Start of Record set

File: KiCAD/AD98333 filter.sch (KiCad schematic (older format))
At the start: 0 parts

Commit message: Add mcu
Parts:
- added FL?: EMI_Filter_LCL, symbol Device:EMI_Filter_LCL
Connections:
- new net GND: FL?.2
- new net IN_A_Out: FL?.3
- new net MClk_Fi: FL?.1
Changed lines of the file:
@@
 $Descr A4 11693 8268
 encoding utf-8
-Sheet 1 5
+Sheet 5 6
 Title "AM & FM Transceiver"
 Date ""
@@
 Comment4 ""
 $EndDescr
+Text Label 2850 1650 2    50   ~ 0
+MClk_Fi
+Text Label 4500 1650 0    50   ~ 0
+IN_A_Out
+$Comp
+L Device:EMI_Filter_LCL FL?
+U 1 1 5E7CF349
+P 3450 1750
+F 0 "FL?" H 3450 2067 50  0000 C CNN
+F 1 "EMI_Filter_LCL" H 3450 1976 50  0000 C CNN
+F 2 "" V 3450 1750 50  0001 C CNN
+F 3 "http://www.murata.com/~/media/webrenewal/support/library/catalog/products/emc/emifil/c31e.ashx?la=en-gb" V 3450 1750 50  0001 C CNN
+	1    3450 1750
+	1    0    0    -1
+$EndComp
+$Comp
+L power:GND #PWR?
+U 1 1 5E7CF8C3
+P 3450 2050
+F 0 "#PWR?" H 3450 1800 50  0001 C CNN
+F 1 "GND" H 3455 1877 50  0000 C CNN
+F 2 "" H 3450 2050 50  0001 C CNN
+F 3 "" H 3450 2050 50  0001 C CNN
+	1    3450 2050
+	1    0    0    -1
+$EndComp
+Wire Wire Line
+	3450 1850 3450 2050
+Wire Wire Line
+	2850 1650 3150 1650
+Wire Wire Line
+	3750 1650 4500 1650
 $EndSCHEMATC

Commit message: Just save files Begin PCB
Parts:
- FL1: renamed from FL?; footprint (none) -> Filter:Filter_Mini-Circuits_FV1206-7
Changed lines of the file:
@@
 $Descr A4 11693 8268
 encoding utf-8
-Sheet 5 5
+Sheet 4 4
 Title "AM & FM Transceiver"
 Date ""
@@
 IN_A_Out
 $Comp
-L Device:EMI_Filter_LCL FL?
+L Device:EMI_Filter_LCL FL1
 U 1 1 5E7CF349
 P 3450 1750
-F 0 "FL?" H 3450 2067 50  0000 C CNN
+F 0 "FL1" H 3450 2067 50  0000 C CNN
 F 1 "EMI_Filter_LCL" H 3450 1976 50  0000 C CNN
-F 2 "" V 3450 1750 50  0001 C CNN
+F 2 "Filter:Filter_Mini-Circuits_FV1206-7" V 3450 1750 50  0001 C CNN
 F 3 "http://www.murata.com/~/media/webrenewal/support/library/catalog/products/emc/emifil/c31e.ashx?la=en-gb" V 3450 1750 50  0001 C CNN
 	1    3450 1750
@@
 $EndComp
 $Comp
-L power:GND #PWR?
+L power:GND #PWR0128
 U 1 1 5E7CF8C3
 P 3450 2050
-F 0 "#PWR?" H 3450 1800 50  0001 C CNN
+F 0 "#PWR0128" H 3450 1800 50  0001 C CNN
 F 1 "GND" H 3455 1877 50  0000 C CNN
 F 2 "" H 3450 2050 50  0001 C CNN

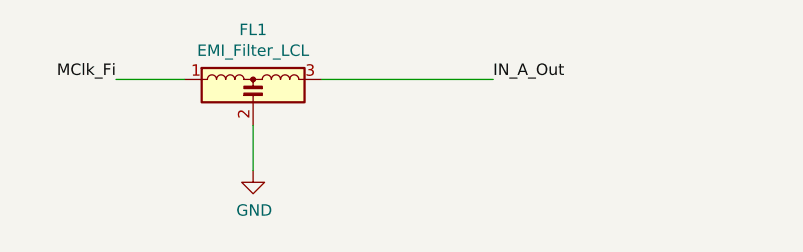
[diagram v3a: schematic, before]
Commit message: Make PCB and change NPN and PNP for AM output
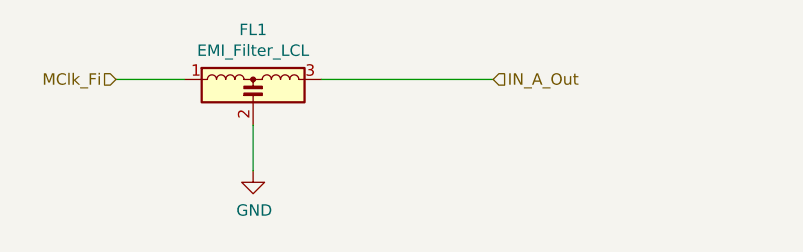
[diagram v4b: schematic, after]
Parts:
- FL1: footprint Filter:Filter_Mini-Circuits_FV1206-7 -> Ceramic_Filter:SFECK
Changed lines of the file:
@@
 $Descr A4 11693 8268
 encoding utf-8
-Sheet 4 4
+Sheet 3 4
 Title "AM & FM Transceiver"
 Date ""
@@
 Comment4 ""
 $EndDescr
-Text Label 2850 1650 2    50   ~ 0
-MClk_Fi
-Text Label 4500 1650 0    50   ~ 0
-IN_A_Out
 $Comp
 L Device:EMI_Filter_LCL FL1
@@
 F 0 "FL1" H 3450 2067 50  0000 C CNN
 F 1 "EMI_Filter_LCL" H 3450 1976 50  0000 C CNN
-F 2 "Filter:Filter_Mini-Circuits_FV1206-7" V 3450 1750 50  0001 C CNN
+F 2 "Ceramic_Filter:SFECK" V 3450 1750 50  0001 C CNN
 F 3 "http://www.murata.com/~/media/webrenewal/support/library/catalog/products/emc/emifil/c31e.ashx?la=en-gb" V 3450 1750 50  0001 C CNN
 	1    3450 1750
@@
 Wire Wire Line
 	3750 1650 4500 1650
+Text HLabel 2850 1650 0    50   Input ~ 0
+MClk_Fi
+Text HLabel 4500 1650 2    50   Input ~ 0
+IN_A_Out
 $EndSCHEMATC

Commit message: Schematics and PCB update
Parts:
- removed FL1: EMI_Filter_LCL, Ceramic_Filter:SFECK, symbol Device:EMI_Filter_LCL
- added C16, C17: 100n, Capacitor_SMD:C_0805_2012Metric, symbol Device:C
- added R19: R, Resistor_SMD:R_0805_2012Metric, symbol Device:R
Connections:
- net GND: now also C17.1
- net IN_A_Out: now also C16.2
- net MClk_Fi: now also R19.1
- new net: C16.1, C17.2, R19.2
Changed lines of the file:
@@
 Comment4 ""
 $EndDescr
+Text HLabel 5300 1650 2    50   Input ~ 0
+IN_A_Out
 $Comp
-L Device:EMI_Filter_LCL FL1
-U 1 1 5E7CF349
-P 3450 1750
-F 0 "FL1" H 3450 2067 50  0000 C CNN
-F 1 "EMI_Filter_LCL" H 3450 1976 50  0000 C CNN
-F 2 "Ceramic_Filter:SFECK" V 3450 1750 50  0001 C CNN
-F 3 "http://www.murata.com/~/media/webrenewal/support/library/catalog/products/emc/emifil/c31e.ashx?la=en-gb" V 3450 1750 50  0001 C CNN
-	1    3450 1750
-	1    0    0    -1
+L Device:C C?
+U 1 1 5E9AE17E
+P 4950 1650
+AR Path="/5E70F6BF/5E9AE17E" Ref="C?"  Part="1"
+AR Path="/5E9AE17E" Ref="C?"  Part="1"
+AR Path="/5E71DA61/5E9AE17E" Ref="C16"  Part="1"
+F 0 "C16" V 4698 1650 50  0000 C CNN
+F 1 "100n" V 4789 1650 50  0000 C CNN
+F 2 "Capacitor_SMD:C_0805_2012Metric" H 4988 1500 50  0001 C CNN
+F 3 "~" H 4950 1650 50  0001 C CNN
+	1    4950 1650
+	0    -1   -1   0
 $EndComp
 $Comp
-L power:GND #PWR0128
-U 1 1 5E7CF8C3
-P 3450 2050
-F 0 "#PWR0128" H 3450 1800 50  0001 C CNN
-F 1 "GND" H 3455 1877 50  0000 C CNN
-F 2 "" H 3450 2050 50  0001 C CNN
-F 3 "" H 3450 2050 50  0001 C CNN
-	1    3450 2050
+L Device:R R?
+U 1 1 5E9B32E8
+P 4050 1650
+AR Path="/5E9B32E8" Ref="R?"  Part="1"
+AR Path="/5E71DA61/5E9B32E8" Ref="R19"  Part="1"
+F 0 "R19" V 3843 1650 50  0000 C CNN
+F 1 "R" V 3934 1650 50  0000 C CNN
+F 2 "Resistor_SMD:R_0805_2012Metric" V 3980 1650 50  0001 C CNN
+F 3 "~" H 4050 1650 50  0001 C CNN
+	1    4050 1650
+	0    -1   -1   0
+$EndComp
+$Comp
+L power:GND #PWR0172
+U 1 1 5E9B3A78
+P 4450 2100
+F 0 "#PWR0172" H 4450 1850 50  0001 C CNN
+F 1 "GND" H 4455 1927 50  0000 C CNN
+F 2 "" H 4450 2100 50  0001 C CNN
+F 3 "" H 4450 2100 50  0001 C CNN
+	1    4450 2100
 	1    0    0    -1
 $EndComp
 Wire Wire Line
-	3450 1850 3450 2050
+	3750 1650 3900 1650
 Wire Wire Line
-	2850 1650 3150 1650
+	4200 1650 4450 1650
 Wire Wire Line
-	3750 1650 4500 1650
-Text HLabel 2850 1650 0    50   Input ~ 0
+	5100 1650 5300 1650
+Wire Wire Line
+	4450 1800 4450 1650
+Connection ~ 4450 1650
+Wire Wire Line
+	4450 1650 4800 1650
+$Comp
+L Device:C C?
+U 1 1 5E9B6BE3
+P 4450 1950
+AR Path="/5E70F6BF/5E9B6BE3" Ref="C?"  Part="1"
+AR Path="/5E9B6BE3" Ref="C?"  Part="1"
+AR Path="/5E71DA61/5E9B6BE3" Ref="C17"  Part="1"
+F 0 "C17" V 4198 1950 50  0000 C CNN
+F 1 "100n" V 4289 1950 50  0000 C CNN
+F 2 "Capacitor_SMD:C_0805_2012Metric" H 4488 1800 50  0001 C CNN
+F 3 "~" H 4450 1950 50  0001 C CNN
+	1    4450 1950
+	-1   0    0    1
+$EndComp
+Text HLabel 3750 1650 0    50   Input ~ 0
 MClk_Fi
-Text HLabel 4500 1650 2    50   Input ~ 0
-IN_A_Out
 $EndSCHEMATC

End of Record set

What is needed: In the records above, locate every line with the string "added" and copy it.

Solution:
- added FL?: EMI_Filter_LCL, symbol Device:EMI_Filter_LCL
- added C16, C17: 100n, Capacitor_SMD:C_0805_2012Metric, symbol Device:C
- added R19: R, Resistor_SMD:R_0805_2012Metric, symbol Device:R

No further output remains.